# Must do in Dubai in 3.5 days



## UKTanya (Jun 7, 2009)

I'm arriving in Dubai for a long weekend on Thursday 22nd April (evening) and leave the following Monday afternoon (26th).

Any suggestions as to what I should do?

And what do I bring to wear??

Thanks guys!


----------



## Gavtek (Aug 23, 2009)

Friday Brunch
Desert Safari
Dubai Mall Fountain Show
Dinner at the Madinat
Big Bus Tour
Spend an afternoon at JBR Walk/Beach

All worth doing if you haven't before.

In terms of what to wear, usually women are advised to cover their shoulders/upper arms, wear dresses/skirts that stop below the knee and don't show off too much cleavage. Most people don't pay much attention to that though and you won't get any hassle if you wear what you'd normally wear back home. It is a little stricter during Ramadan.

Unless you're a stripper, you'll be fine. There was a woman parading around JBR Walk wearing a men's shirt and a black thong and nothing else, all that happened to her is that she made a lot of men happy


----------



## Andy Capp (Oct 5, 2008)

And watch who you talk/meet up with....


----------



## UKTanya (Jun 7, 2009)

Gavtek said:


> Friday Brunch
> Desert Safari
> Dubai Mall Fountain Show
> Dinner at the Madinat
> ...


Hi Gavtek,

That's the weekend sorted then, thanks for that!

As for my attire, I'll bear the flashing in mind!! ;-)


----------



## UKTanya (Jun 7, 2009)

Andy Capp said:


> And watch who you talk/meet up with....


My Grandma always told me never to talk to strangers, Andy.

I haven't done too badly so far following that rule...


----------



## Gavtek (Aug 23, 2009)

UKTanya said:


> Hi Gavtek,
> 
> That's the weekend sorted then, thanks for that!
> 
> As for my attire, I'll bear the flashing in mind!! ;-)

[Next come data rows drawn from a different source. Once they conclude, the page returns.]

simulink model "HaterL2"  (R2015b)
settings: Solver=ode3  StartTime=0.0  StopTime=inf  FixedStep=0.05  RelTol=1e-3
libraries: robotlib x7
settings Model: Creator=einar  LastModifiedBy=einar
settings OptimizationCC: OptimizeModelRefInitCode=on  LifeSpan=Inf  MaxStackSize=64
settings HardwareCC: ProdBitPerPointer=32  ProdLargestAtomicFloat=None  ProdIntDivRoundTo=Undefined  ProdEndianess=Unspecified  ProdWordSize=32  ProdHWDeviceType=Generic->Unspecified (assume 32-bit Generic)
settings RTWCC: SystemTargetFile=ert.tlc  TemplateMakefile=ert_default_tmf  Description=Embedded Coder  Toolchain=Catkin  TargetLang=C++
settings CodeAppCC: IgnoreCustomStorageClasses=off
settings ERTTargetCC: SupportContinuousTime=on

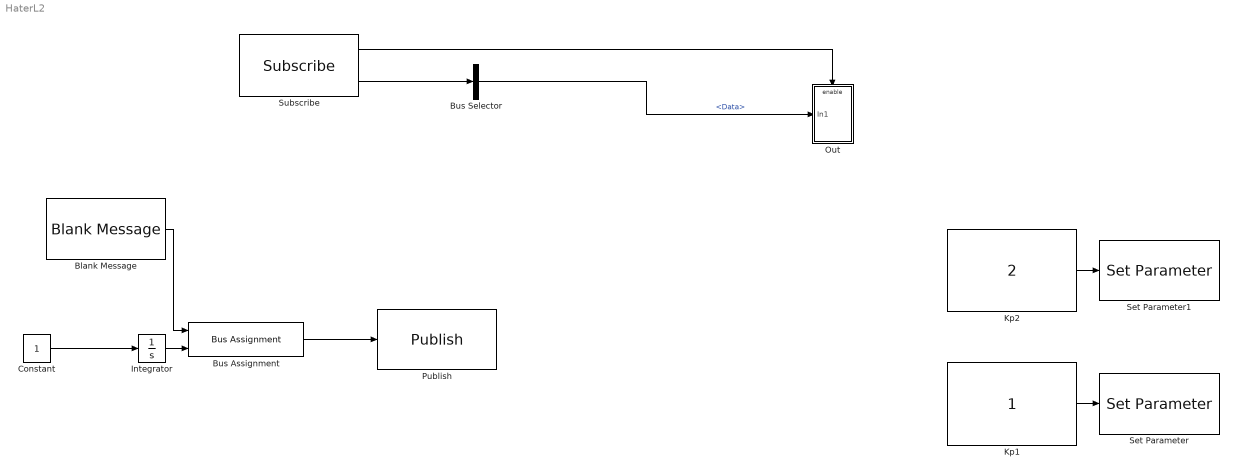
== system HaterL2 ==
  Blank Message : robotlib/Blank Message  SourceLibraryInfo=This block requires Robotics System Toolbox  messageType=std_msgs/Float64  SampleTime=inf
  Bus Assignment : BusAssignment  AssignedSignals=Data
  Bus Selector : BusSelector  OutputSignals=Data
  Constant : Constant
  Integrator : Integrator
  Kp1 : Constant
  Kp2 : Constant  Value=2
  Out : Subsystem
  Publish : robotlib/Publish  SourceLibraryInfo=This block requires Robotics System Toolbox  topicSource=Specify your own  topic=/SimuTime  messageType=std_msgs/Float64  messageQueueLength=1
  Set Parameter : robotlib/Set Parameter  SourceLibraryInfo=This block requires Robotics System Toolbox  ParameterSource=Specify your own  ParameterName=/my_param  ParameterType=double  ModelName=HaterL  BlockId=ParamSet_HaterL_16
  Set Parameter1 : robotlib/Set Parameter  SourceLibraryInfo=This block requires Robotics System Toolbox  ParameterSource=Specify your own  ParameterName=/my_param2  ParameterType=double  ModelName=HaterL  BlockId=ParamSet_HaterL_19
  Subscribe : robotlib/Subscribe  SourceLibraryInfo=This block requires Robotics System Toolbox  topicSource=Specify your own  topic=/PrefPosition  messageType=std_msgs/Float64  sampleTime=-1  messageQueueLength=1
  wires:
  Subscribe/2 -> Bus Selector/1
  Bus Selector/1 -> Out/1(In1)  "<Data>"
  Subscribe/1 -> Out/Enable
  Constant/1 -> Integrator/1
  Bus Assignment/1 -> Publish/1
  Blank Message/1 -> Bus Assignment/1
  Integrator/1 -> Bus Assignment/2
  Kp1/1 -> Set Parameter/1
  Kp2/1 -> Set Parameter1/1

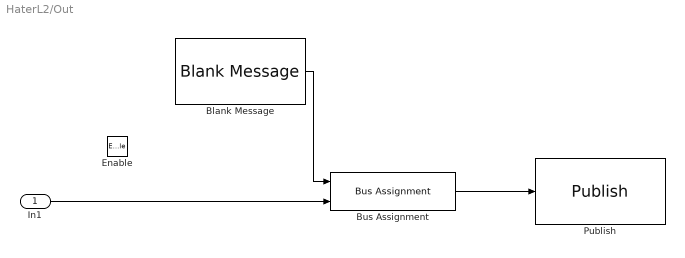
== system HaterL2/Out ==
  In1 : Inport
  Enable : EnablePort
  Blank Message : robotlib/Blank Message  SourceLibraryInfo=This block requires Robotics System Toolbox  messageType=std_msgs/Float64  SampleTime=inf
  Bus Assignment : BusAssignment  AssignedSignals=Data
  Publish : robotlib/Publish  SourceLibraryInfo=This block requires Robotics System Toolbox  topicSource=Specify your own  topic=/PWM  messageType=std_msgs/Float64  messageQueueLength=1
  wires:
  Bus Assignment/1 -> Publish/1
  Blank Message/1 -> Bus Assignment/1
  In1/1 -> Bus Assignment/2
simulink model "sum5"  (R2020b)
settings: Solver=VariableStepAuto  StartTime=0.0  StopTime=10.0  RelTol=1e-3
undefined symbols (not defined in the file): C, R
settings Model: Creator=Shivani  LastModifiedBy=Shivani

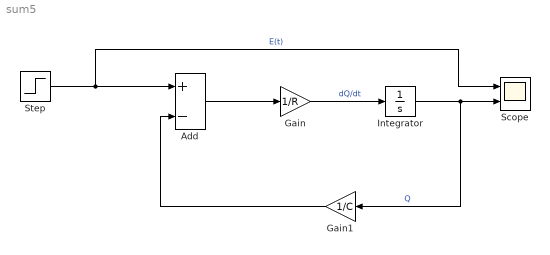
== system sum5 ==
  Add : Sum  Inputs=+-
  Gain : Gain  Gain=1/R
  Gain1 : Gain  Gain=1/C
  Integrator : Integrator  InitialCondition=5
  Scope : Scope  NumInputPorts=2
  Step : Step  Time=5  SampleTime=0
  wires:
  Step/1 -> Scope/1, Add/1  "E(t)"
  Add/1 -> Gain/1
  Gain/1 -> Integrator/1  "dQ/dt"
  Integrator/1 -> Gain1/1, Scope/2  "Q"
  Gain1/1 -> Add/2

Give us plenty of warning if you're going to dabble


----------



## UKTanya (Jun 7, 2009)

Gavtek said:


> Give us plenty of warning if you're going to dabble


LOL!

I'll be sure to put a post on here especially for you!


----------



## Andy Capp (Oct 5, 2008)

So not so much Debbie does Dallas, more Tanya does Dubai - guys, be afraid, be very afraid!


----------



## UKTanya (Jun 7, 2009)

Andy Capp said:


> So not so much Debbie does Dallas, more Tanya does Dubai - guys, be afraid, be very afraid!


Ooh, the cheek.

You haven't even met me yet!


----------



## Andy Capp (Oct 5, 2008)

UKTanya said:


> Ooh, the cheek.
> 
> You haven't even met me yet!


What's this with "Yet"?

:behindsofa: Scary thought!


----------



## Dannysigma (Feb 22, 2009)

Also you might want to go up the Burj Khalifa - currently still closed but worth checking the website a couple of weeks before you come. It costs 100AED per person if booked in advance, 400AED if you just turn up so it's worth booking! Tends to get booked up well ahead of time on weekends, so keep an eye on the website.
Buy Burj Khalifa Observation Deck Tickets to 'At The Top'


----------



## Jynxgirl (Nov 27, 2009)

Thanks Danny.. I bookmarked that. Hopefully... you just save 'me' 300 aed (or someone 600 aed  LOL )


----------



## Asma_dxb (Mar 24, 2010)

You MUST watch the fountain show it's just fabulous.
Also, if you're interested you could go up Burj Khalifa and do the 360 degree view from the top thing.
The beach is just lovely, make sure you have your sunscreen on tho.
Indoor skiing at emirates mall.
Atlantis aquaventure.
Shopping (aaah where do i begin)

It really depends on what kind of things you're looking for


----------



## Jynxgirl (Nov 27, 2009)

I still have not went to see the fountain  I would like to go sit and watch for a few hours and have a night of talking. I love the fountain in Vegas in front of the Bellagio.


----------



## xdude (Dec 8, 2008)

also keep in mind what you must not do in those 3.5 days..
don't be drunk in public place
don't hold hands in public place
dont kiss (not even a peck) in public

enjoy!


----------



## SBP (Jan 4, 2010)

xdude said:


> also keep in mind what you must not do in those 3.5 days..
> don't be drunk in public place
> don't hold hands in public place
> dont kiss (not even a peck) in public
> ...


Thought holding hands and cheek kisses were fine? Isn't it just the obvious snogging that is banned, as most middle east countries greet with cheek kisses?


----------



## Elphaba (Jan 24, 2008)

Holding hands is fine, as is greeting someone with a peck on the cheek.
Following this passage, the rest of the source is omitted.